Officials and mine inspectors, according to Demchock, seem to be satisfied the explosion was caused by head lamps worn by the three miners who had evidently decided to take a short cut through some old workings and had encountered a pocket of gas.  The bodies of the three miners were found some several hundred feet back in the old workings, two of them being together, and the third about 200 feet away.

Mines Inspected Thursday

The mines had been inspected Thursday night and there was no presence of gas at that time, inspectors reports showed.

Of the 125 men reported to have been in No. 1 mine, but few really knew what had taken place in No. 2.  Several near the entry leading from No. 1 to No. 2 were knocked from their feet by the force of the explosion, and several received injuries.  The work of pillar robbing was said to have been quite active recently, and when many of the miners in No. 1 mine heard the report they thought it was caused by this work.  Others took it to be a heavy fall of slate.

A foreigner, one of the few men to escape death in No. 2 mine, minus his coat and hat, bleeding about the head and face, ran through the entry between the two mines.  He was unable to tell what had taken place.  He is said to have been picked up and carried for a considerable distance by the explosion.

The last of the bodies was removed from the mines early tonight, according to a report from Haeger, the nearest town to Yukon which could be reached by telephone.  Some of the bodies were said to have been badly burned and mutilated.  Inadequate means of communication made in impossible to obtain the names of those killed.  Quite a few of the men killed were reported to have been foreigners and most of the Americans were natives of that section and the neighboring Virginia counties.  In many sections of the Pocahontas coal field the explosion was not learned of until late this evening.

There was no information available tonight as to when an inquest would be held.

The bodies have not as yet been turned over to relatives.

A similar explosion occurred in the mine in 1917, in which eighteen persons were killed.

The mine was opened in 1907 and was virtually owned by the late W. F. Harman, interest, of which C. Henry Harman is the executive head.

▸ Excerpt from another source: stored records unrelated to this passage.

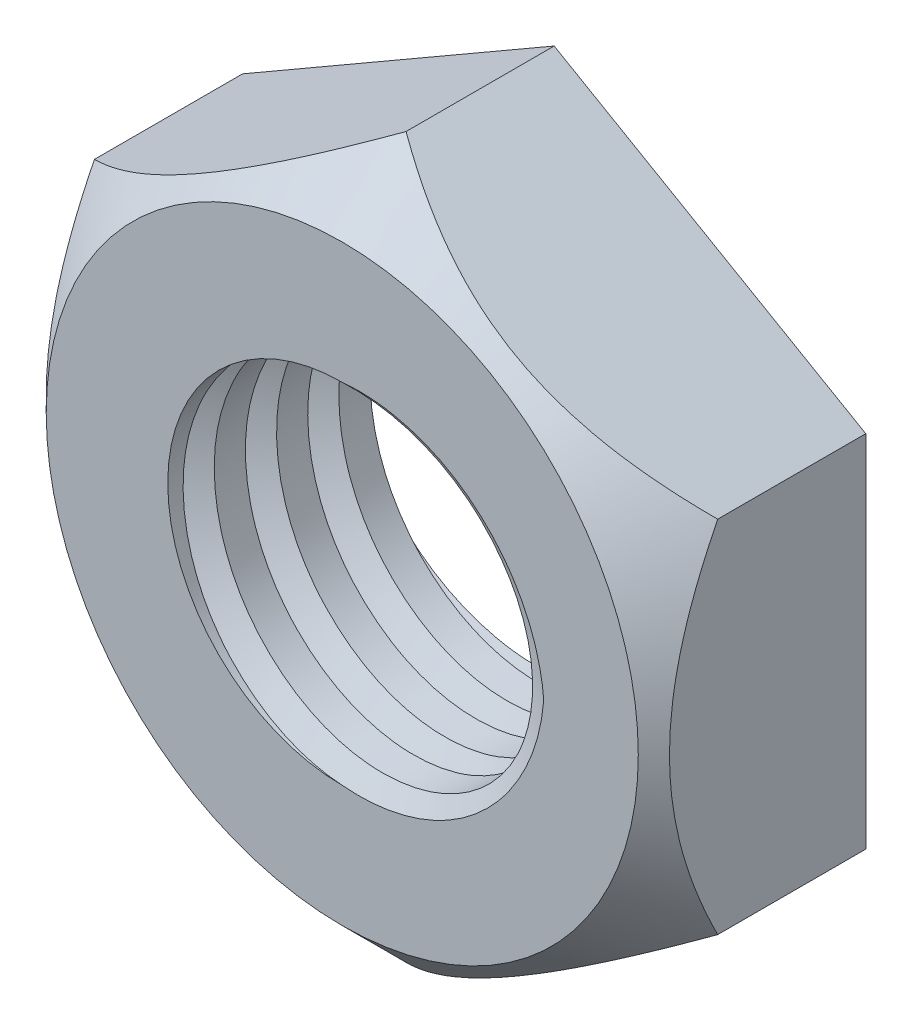
from build123d import *

# Parameters (mm, degrees)
SKETCH1_R           = 2.8
BOSS_EXTRUDE1_DEPTH = 3.4
CUT_SWEEP2_PITCH    = 1
SKETCH8_OUTSIDE_W   = 21.93
SKETCH8_OUTSIDE_H   = 23.478
SKETCH8_OUTSIDE_R   = 4.75
CUT_EXTRUDE1_DEPTH  = 3.4
CUT_EXTRUDE1_DRAFT  = -45


with BuildPart() as part:
    # Sketch1 → Boss-Extrude1 (new body)
    with BuildSketch(Plane.XY):
        Polygon((5, 2.886751346), (0, 5.773502692), (-5, 2.886751346), (-5, -2.886751346), (0, -5.773502692), (5, -2.886751346), align=None)
        Circle(SKETCH1_R, mode=Mode.SUBTRACT)
    extrude(amount=BOSS_EXTRUDE1_DEPTH)

    # Cut-Sweep2: arcs per turn and ends read off the stored shape
    # Cut-Sweep2: the profile of Sketch4 screwed along a right-hand helix through 7 turns, 8 arcs to a turn; built about Z, then put on its axis
    cut_sweep2_z = Axis((0, 0, 0), (0, 0, 1))
    cut_sweep2_corners = [(3.233012702, 0, -1), (2.583493649, 0, -0.625), (2.583493649, 0, -1.375)]
    with BuildLine(mode=Mode.PRIVATE) as cut_sweep2_profile:
        Line(cut_sweep2_corners[0], cut_sweep2_corners[1])
        Line(cut_sweep2_corners[1], cut_sweep2_corners[2])
        Line(cut_sweep2_corners[2], cut_sweep2_corners[0])
    cut_sweep2_cap = Face(cut_sweep2_profile.wire())
    cut_sweep2_turn_angles = [0, 22.5, 45, 67.5, 90, 112.5, 135, 157.5, 180, 202.5, 225, 247.5, 270, 292.5, 315, 337.5, 360]
    cut_sweep2_turn_weights = [1, 0.9238795325112867, 1, 0.9238795325112867, 1, 0.9238795325112867, 1, 0.9238795325112867, 1, 0.9238795325112867, 1, 0.9238795325112867, 1, 0.9238795325112867, 1, 0.9238795325112867, 1]
    cut_sweep2_turn_rails = [Edge.make_bspline([Vector(p[0], p[1], 0).rotate(cut_sweep2_z, cut_sweep2_turn_angles[k]) / cut_sweep2_turn_weights[k] + Vector(0, 0, p[2] + CUT_SWEEP2_PITCH * cut_sweep2_turn_angles[k] / 360) for k in range(17)], [0, 0, 0, 1, 1, 2, 2, 3, 3, 4, 4, 5, 5, 6, 6, 7, 7, 8, 8, 8], 2, cut_sweep2_turn_weights) for p in cut_sweep2_corners]
    cut_sweep2_turn_sides = [Face.make_surface_from_curves(cut_sweep2_turn_rails[p[0]], cut_sweep2_turn_rails[p[1]]) for p in [(0, 1), (1, 2), (2, 0)]]
    cut_sweep2 = Plane(origin=(0, 0, 3.4), x_dir=(1, 0, 0), z_dir=(0, 0, -1)) * Solid(Shell([*[p.moved(Location((0, 0, CUT_SWEEP2_PITCH * i))) for i in range(7) for p in cut_sweep2_turn_sides], cut_sweep2_cap, cut_sweep2_cap.rotate(cut_sweep2_z, 2520).moved(Location((0, 0, CUT_SWEEP2_PITCH * 2520 / 360)))]))
    add(cut_sweep2, mode=Mode.SUBTRACT)


with BuildPart() as cut_extrude1_tool:
    # Sketch8 outside → Cut-Extrude1 (with draft: the straight prism first)
    with BuildSketch(Plane.XY.offset(3.4)):
        Rectangle(SKETCH8_OUTSIDE_W, SKETCH8_OUTSIDE_H)
        Circle(SKETCH8_OUTSIDE_R, mode=Mode.SUBTRACT)
    extrude(amount=-CUT_EXTRUDE1_DEPTH)
    # Cut-Extrude1: the draft: its side faces are tilted about the plane it starts from
    cut_extrude1_sides = [cut_extrude1_tool.faces().sort_by_distance(p)[0] for p in [
        (0, -11.739, 1.7),
        (10.965, 0, 1.7),
        (0, 11.739, 1.7),
        (-10.965, 0, 1.7),
        (-4.75, 0, 1.7),
    ]]
    draft(cut_extrude1_sides, Plane.XY.offset(3.4), CUT_EXTRUDE1_DRAFT)


with BuildPart() as part_1:
    add(part.part)

    # Cut-Extrude1: cut by cut_extrude1_tool
    add(cut_extrude1_tool.part, mode=Mode.SUBTRACT)


solid = part_1.part
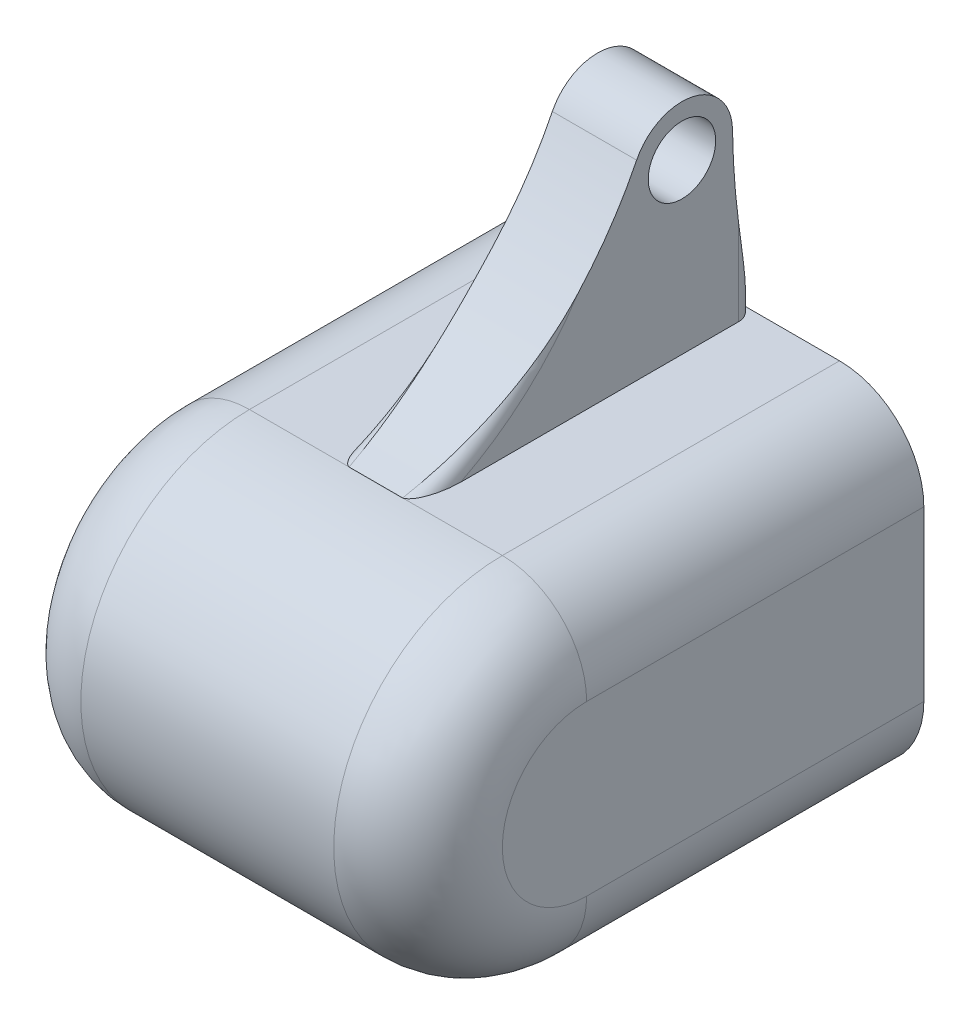
from build123d import *

# Parameters (mm, degrees)
SALIENTE_EXTRUIR1_DEPTH = 25
REDONDEO1_R             = 5
VACIADO1_T              = -2
SALIENTE_EXTRUIR2_DEPTH = 2.5
REDONDEO3_R             = 1
CROQUIS4_R              = 2
CORTAR_EXTRUIR1_DEPTH   = 43.193943257
CORTAR_EXTRUIR2_DEPTH   = 10


with BuildPart() as part:
    # Croquis1 → Saliente-Extruir1 (new body)
    with BuildSketch(Plane(origin=(0, 0, 0), x_dir=(0, 0, -1), z_dir=(1, 0, 0))):
        with BuildLine():
            Line((0, 0), (20, 0))
            Line((20, 0), (20, 20))
            Line((20, 20), (0, 20))
            ThreePointArc((0, 20), (-10, 10), (0, 0))
        make_face()
    extrude(amount=SALIENTE_EXTRUIR1_DEPTH)

    # Redondeo1
    redondeo1_edges = [part.edges().sort_by_distance(p)[0] for p in [
        (0, 0, -10),
        (0, 10, 10),
        (25, 0, -10),
        (25, 10, 10),
        (0, 20, -10),
        (25, 20, -10),
    ]]
    fillet(redondeo1_edges, radius=REDONDEO1_R)

    # Vaciado1
    vaciado1_openings = [part.faces().sort_by_distance(p)[0] for p in [
        (12.5, 10, -20),
    ]]
    offset(amount=VACIADO1_T, openings=vaciado1_openings, kind=Kind.INTERSECTION)


with BuildPart() as saliente_extruir2_tool:
    # Croquis3 → Saliente-Extruir2 (new, symmetric)
    with BuildSketch(Plane(origin=(12.5, 0, 0), x_dir=(0, 0, -1), z_dir=(1, 0, 0))):
        with BuildLine():
            Line((20, 20), (20, 33.990128519))
            Line((20, 33.990128519), (11.304943529, 33.990128519))
            ThreePointArc((11.304943529, 33.990128519), (7.637753489, 25.384236828), (-0.012060129, 20))
            Line((-0.012060129, 20), (20, 20))
        make_face()
    extrude(amount=SALIENTE_EXTRUIR2_DEPTH, both=True)


with BuildPart() as part_1:
    add(part.part)


with BuildPart() as part_2:
    # Saliente-Extruir2: joined with saliente_extruir2_tool
    add(part_1.part.fuse(saliente_extruir2_tool.part, tol=0.00001))

    # Redondeo3
    redondeo3_edges = [part_2.edges().sort_by_distance(p)[0] for p in [
        (15, 33.990128519, -15.652471765),
        (15, 26.99506426, -20),
        (15, 25.384236828, -7.637753489),
        (10, 26.99506426, -20),
        (10, 25.384236828, -7.637753489),
        (10, 33.990128519, -15.652471765),
    ]]
    fillet(redondeo3_edges, radius=REDONDEO3_R)

    # Croquis4 → Cortar-Extruir1 (cut, through all)
    with BuildSketch(Plane(origin=(15, 0, 0), x_dir=(0, 0, -1), z_dir=(1, 0, 0))):
        with Locations((15.652471765, 29.990128519)):
            Circle(CROQUIS4_R)
    extrude(amount=-CORTAR_EXTRUIR1_DEPTH, mode=Mode.SUBTRACT)

    # Croquis5 → Cortar-Extruir2 (cut)
    with BuildSketch(Plane(origin=(15, 0, 0), x_dir=(0, 0, -1), z_dir=(1, 0, 0))):
        with BuildLine():
            Line((-7.217046024, 20), (0, 20))
            ThreePointArc((0, 20), (7.606790839, 24.37534101), (12.965556832, 31.324477852))
            ThreePointArc((12.965556832, 31.324477852), (16.316683617, 32.915675069), (18.652159682, 30.033399776))
            ThreePointArc((18.652159682, 30.033399776), (19.02695235, 24.97651649), (20, 20))
            Line((20, 20), (25.571513897, 20))
            Line((25.571513897, 20), (25.571513897, 39.781584786))
            Line((25.571513897, 39.781584786), (-7.217046024, 39.781584786))
            Line((-7.217046024, 39.781584786), (-7.217046024, 20))
        make_face()
    extrude(amount=-CORTAR_EXTRUIR2_DEPTH, mode=Mode.SUBTRACT)


solid = part_2.part

T. J. Dawson, superintendent, who has only been with the Yukon Company, for the past three weeks, was near the main entry on No. 1 at the time of the explosion.  Dust and smoke, which poured from the entry gave evidence of an explosion and he hurriedly entered the mine.  His presence of mind was said to have been responsible for the rescue of all the men in No. 1 mine without one fatally.

Less than an hour after the explosion, rescue teams from nearby mining camps were on the scene and at least two teams had been put in the mine.  The mine rescue car which was at Nemours, 35 miles from the scene of the explosion, was ordered to Yukon some hours later.